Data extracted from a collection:
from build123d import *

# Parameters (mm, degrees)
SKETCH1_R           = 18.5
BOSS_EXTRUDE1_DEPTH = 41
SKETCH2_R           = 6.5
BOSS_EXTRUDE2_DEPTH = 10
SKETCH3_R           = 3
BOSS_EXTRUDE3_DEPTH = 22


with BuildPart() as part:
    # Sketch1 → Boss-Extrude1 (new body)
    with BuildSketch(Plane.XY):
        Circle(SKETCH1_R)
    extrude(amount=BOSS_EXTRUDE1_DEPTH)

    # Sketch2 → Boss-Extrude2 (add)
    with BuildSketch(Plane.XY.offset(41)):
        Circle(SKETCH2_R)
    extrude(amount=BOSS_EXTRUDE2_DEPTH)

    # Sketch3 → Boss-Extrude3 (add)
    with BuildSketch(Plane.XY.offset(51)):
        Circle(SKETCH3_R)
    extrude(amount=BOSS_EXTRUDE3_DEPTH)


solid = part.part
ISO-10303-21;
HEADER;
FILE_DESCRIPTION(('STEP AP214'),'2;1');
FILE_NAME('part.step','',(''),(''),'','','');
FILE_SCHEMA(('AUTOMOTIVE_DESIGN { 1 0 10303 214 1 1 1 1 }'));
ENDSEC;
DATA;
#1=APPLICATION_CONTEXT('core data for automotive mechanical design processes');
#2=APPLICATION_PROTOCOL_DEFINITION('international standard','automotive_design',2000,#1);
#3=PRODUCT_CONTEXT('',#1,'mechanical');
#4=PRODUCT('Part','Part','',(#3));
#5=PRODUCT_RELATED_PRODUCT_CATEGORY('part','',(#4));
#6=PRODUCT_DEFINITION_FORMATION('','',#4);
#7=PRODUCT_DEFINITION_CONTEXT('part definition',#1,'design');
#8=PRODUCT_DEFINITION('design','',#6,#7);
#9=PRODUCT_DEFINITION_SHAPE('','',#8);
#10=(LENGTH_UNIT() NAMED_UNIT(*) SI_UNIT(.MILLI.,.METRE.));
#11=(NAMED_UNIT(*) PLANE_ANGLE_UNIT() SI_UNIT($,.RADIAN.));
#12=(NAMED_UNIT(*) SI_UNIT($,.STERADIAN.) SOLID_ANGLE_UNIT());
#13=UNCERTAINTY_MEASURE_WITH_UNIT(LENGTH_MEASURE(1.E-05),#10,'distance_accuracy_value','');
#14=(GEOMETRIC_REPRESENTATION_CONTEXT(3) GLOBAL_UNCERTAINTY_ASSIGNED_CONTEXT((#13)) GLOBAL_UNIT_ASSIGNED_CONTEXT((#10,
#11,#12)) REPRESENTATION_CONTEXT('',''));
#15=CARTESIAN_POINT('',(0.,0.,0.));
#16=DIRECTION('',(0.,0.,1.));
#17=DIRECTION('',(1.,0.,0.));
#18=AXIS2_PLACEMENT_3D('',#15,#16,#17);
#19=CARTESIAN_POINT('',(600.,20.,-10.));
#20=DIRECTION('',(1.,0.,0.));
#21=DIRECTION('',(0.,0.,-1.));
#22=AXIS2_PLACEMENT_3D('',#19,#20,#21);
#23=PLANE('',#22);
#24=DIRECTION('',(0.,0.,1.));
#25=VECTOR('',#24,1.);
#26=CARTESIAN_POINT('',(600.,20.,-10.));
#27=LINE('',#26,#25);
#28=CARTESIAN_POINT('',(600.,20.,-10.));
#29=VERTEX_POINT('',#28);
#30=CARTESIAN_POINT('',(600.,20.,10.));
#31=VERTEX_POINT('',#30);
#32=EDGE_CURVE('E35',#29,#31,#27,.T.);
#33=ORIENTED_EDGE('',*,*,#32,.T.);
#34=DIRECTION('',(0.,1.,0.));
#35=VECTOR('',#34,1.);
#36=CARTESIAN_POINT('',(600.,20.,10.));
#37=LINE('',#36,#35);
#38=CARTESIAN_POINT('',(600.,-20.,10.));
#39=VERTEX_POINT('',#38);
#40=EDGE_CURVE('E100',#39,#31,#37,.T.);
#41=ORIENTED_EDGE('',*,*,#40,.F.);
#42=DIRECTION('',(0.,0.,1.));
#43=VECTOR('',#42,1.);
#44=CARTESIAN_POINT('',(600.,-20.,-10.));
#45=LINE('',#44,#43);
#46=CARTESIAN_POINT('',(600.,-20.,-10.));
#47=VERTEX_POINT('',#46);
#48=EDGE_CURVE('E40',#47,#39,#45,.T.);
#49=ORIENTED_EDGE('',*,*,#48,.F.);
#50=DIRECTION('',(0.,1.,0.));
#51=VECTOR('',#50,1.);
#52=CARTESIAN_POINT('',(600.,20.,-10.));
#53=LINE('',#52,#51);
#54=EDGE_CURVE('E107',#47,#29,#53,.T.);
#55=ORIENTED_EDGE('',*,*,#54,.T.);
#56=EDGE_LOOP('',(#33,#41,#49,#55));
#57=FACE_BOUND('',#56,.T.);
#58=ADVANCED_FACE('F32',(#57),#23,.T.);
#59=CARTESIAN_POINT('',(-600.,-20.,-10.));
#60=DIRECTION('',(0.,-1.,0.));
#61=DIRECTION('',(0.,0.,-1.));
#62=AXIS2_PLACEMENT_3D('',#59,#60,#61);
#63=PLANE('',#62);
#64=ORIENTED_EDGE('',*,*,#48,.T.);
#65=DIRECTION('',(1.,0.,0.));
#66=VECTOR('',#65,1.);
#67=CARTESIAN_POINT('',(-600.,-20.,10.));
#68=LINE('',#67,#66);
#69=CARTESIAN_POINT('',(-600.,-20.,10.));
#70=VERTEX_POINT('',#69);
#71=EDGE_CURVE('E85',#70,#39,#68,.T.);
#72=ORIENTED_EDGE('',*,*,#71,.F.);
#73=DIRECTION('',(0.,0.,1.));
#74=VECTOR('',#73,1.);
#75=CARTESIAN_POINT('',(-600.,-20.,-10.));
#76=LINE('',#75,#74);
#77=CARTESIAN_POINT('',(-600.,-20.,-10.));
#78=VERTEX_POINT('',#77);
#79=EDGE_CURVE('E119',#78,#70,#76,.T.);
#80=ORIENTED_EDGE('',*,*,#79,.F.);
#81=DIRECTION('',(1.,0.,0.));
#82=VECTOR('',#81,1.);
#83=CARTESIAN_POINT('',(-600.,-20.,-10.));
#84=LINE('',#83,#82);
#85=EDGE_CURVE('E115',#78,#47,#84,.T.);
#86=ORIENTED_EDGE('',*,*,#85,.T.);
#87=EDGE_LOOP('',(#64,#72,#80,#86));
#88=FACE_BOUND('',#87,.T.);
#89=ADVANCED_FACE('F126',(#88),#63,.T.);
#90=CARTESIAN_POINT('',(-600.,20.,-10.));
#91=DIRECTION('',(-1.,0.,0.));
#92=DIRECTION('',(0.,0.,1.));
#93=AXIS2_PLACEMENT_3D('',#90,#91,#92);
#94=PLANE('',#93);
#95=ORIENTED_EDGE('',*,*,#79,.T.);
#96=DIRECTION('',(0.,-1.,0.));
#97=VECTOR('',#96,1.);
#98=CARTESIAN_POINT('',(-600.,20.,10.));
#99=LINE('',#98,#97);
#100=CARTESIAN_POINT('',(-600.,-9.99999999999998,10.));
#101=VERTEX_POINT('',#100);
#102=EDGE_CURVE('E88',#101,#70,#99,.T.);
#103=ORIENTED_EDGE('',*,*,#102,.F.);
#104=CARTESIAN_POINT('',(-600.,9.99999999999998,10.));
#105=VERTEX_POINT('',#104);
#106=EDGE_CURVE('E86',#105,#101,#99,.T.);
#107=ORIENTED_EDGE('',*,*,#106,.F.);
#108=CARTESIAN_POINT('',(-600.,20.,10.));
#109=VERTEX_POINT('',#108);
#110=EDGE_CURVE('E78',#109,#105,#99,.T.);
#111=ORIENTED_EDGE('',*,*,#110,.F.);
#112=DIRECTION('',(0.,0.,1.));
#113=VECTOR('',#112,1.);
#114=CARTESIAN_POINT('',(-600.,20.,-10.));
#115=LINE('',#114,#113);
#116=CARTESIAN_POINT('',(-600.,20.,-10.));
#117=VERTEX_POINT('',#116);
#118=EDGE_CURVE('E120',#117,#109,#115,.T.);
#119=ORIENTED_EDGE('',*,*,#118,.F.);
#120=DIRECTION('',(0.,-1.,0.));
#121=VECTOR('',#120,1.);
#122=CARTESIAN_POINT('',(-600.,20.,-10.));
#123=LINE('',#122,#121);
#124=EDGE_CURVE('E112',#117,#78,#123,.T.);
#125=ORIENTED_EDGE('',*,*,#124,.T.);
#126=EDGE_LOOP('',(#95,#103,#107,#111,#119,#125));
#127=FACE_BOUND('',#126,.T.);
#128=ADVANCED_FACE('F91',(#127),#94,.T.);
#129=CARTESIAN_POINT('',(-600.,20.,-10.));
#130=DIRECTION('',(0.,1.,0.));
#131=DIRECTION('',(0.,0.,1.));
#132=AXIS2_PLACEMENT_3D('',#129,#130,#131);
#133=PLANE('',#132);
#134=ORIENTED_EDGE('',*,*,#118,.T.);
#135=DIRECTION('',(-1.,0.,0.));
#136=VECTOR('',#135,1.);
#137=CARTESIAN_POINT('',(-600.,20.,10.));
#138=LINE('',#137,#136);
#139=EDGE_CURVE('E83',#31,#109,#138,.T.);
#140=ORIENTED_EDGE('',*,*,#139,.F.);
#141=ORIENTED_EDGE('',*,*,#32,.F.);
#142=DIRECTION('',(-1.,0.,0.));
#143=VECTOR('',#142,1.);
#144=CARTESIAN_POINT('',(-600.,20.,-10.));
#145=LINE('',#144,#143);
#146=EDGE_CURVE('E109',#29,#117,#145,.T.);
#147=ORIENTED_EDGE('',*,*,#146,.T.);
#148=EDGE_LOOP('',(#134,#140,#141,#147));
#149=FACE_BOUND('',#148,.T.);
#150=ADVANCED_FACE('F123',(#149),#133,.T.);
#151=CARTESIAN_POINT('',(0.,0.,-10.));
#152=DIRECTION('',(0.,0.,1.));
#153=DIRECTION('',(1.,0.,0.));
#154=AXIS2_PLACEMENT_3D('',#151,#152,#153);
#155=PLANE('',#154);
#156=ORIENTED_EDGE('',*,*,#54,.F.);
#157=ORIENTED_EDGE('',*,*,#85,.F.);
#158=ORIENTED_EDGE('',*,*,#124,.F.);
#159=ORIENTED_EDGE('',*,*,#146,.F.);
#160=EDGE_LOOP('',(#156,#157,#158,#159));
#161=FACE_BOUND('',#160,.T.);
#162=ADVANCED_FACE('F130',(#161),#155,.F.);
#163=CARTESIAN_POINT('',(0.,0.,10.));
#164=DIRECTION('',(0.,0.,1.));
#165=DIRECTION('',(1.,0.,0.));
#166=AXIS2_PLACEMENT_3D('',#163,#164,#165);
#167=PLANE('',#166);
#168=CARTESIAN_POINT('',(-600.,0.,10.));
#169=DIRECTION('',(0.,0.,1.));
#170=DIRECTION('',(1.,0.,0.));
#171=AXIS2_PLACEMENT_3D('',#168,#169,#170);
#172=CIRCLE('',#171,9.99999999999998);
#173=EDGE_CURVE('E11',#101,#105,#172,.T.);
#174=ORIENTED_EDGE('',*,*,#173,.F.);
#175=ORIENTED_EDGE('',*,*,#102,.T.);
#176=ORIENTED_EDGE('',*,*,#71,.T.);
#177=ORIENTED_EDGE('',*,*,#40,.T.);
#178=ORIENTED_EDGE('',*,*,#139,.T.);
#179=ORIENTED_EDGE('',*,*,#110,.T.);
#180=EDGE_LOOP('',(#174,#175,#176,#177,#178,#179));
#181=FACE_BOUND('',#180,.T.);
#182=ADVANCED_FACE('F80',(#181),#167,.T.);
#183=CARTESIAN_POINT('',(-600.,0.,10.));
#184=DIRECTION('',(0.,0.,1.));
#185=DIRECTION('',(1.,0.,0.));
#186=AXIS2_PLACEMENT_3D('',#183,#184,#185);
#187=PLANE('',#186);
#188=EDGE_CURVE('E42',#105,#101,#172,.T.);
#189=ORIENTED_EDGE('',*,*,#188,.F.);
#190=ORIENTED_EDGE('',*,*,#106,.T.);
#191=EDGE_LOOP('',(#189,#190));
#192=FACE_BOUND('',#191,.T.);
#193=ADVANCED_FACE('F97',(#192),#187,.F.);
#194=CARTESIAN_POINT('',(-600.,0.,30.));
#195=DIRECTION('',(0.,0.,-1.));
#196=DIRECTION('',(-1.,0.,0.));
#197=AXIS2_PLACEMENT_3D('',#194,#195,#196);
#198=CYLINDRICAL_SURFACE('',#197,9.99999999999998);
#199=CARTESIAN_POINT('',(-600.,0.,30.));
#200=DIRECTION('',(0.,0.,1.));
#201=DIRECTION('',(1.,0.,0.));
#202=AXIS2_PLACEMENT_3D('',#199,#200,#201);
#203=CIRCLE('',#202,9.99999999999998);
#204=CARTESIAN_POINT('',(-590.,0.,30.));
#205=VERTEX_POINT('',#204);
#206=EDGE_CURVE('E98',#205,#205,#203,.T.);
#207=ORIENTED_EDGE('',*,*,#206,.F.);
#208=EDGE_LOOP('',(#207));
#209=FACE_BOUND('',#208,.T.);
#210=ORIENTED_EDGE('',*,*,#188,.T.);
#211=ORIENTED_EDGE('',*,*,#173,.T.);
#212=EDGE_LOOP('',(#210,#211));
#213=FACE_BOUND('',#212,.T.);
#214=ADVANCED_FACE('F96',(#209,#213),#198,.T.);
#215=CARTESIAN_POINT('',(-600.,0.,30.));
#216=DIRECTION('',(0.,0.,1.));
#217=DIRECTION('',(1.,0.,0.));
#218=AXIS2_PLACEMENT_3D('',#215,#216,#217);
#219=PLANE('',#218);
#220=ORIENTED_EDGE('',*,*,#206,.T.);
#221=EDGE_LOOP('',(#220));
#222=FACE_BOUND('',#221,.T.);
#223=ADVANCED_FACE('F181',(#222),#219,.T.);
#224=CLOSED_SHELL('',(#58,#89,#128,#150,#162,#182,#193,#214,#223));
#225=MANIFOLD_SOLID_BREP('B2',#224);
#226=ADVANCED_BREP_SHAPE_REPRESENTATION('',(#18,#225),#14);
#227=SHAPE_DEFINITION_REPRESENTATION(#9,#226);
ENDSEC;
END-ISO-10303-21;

Exercise goal:
The lines above from the one with "#179=ORIENTED_EDGE('',*,*,#110,.T.);" through the one with "#198=CYLINDRICAL_SURFACE('',#197,9.99999999999998);" are to be duplicated exactly, ends included, with nothing added.

Result for this task:
#179=ORIENTED_EDGE('',*,*,#110,.T.);
#180=EDGE_LOOP('',(#174,#175,#176,#177,#178,#179));
#181=FACE_BOUND('',#180,.T.);
#182=ADVANCED_FACE('F80',(#181),#167,.T.);
#183=CARTESIAN_POINT('',(-600.,0.,10.));
#184=DIRECTION('',(0.,0.,1.));
#185=DIRECTION('',(1.,0.,0.));
#186=AXIS2_PLACEMENT_3D('',#183,#184,#185);
#187=PLANE('',#186);
#188=EDGE_CURVE('E42',#105,#101,#172,.T.);
#189=ORIENTED_EDGE('',*,*,#188,.F.);
#190=ORIENTED_EDGE('',*,*,#106,.T.);
#191=EDGE_LOOP('',(#189,#190));
#192=FACE_BOUND('',#191,.T.);
#193=ADVANCED_FACE('F97',(#192),#187,.F.);
#194=CARTESIAN_POINT('',(-600.,0.,30.));
#195=DIRECTION('',(0.,0.,-1.));
#196=DIRECTION('',(-1.,0.,0.));
#197=AXIS2_PLACEMENT_3D('',#194,#195,#196);
#198=CYLINDRICAL_SURFACE('',#197,9.99999999999998);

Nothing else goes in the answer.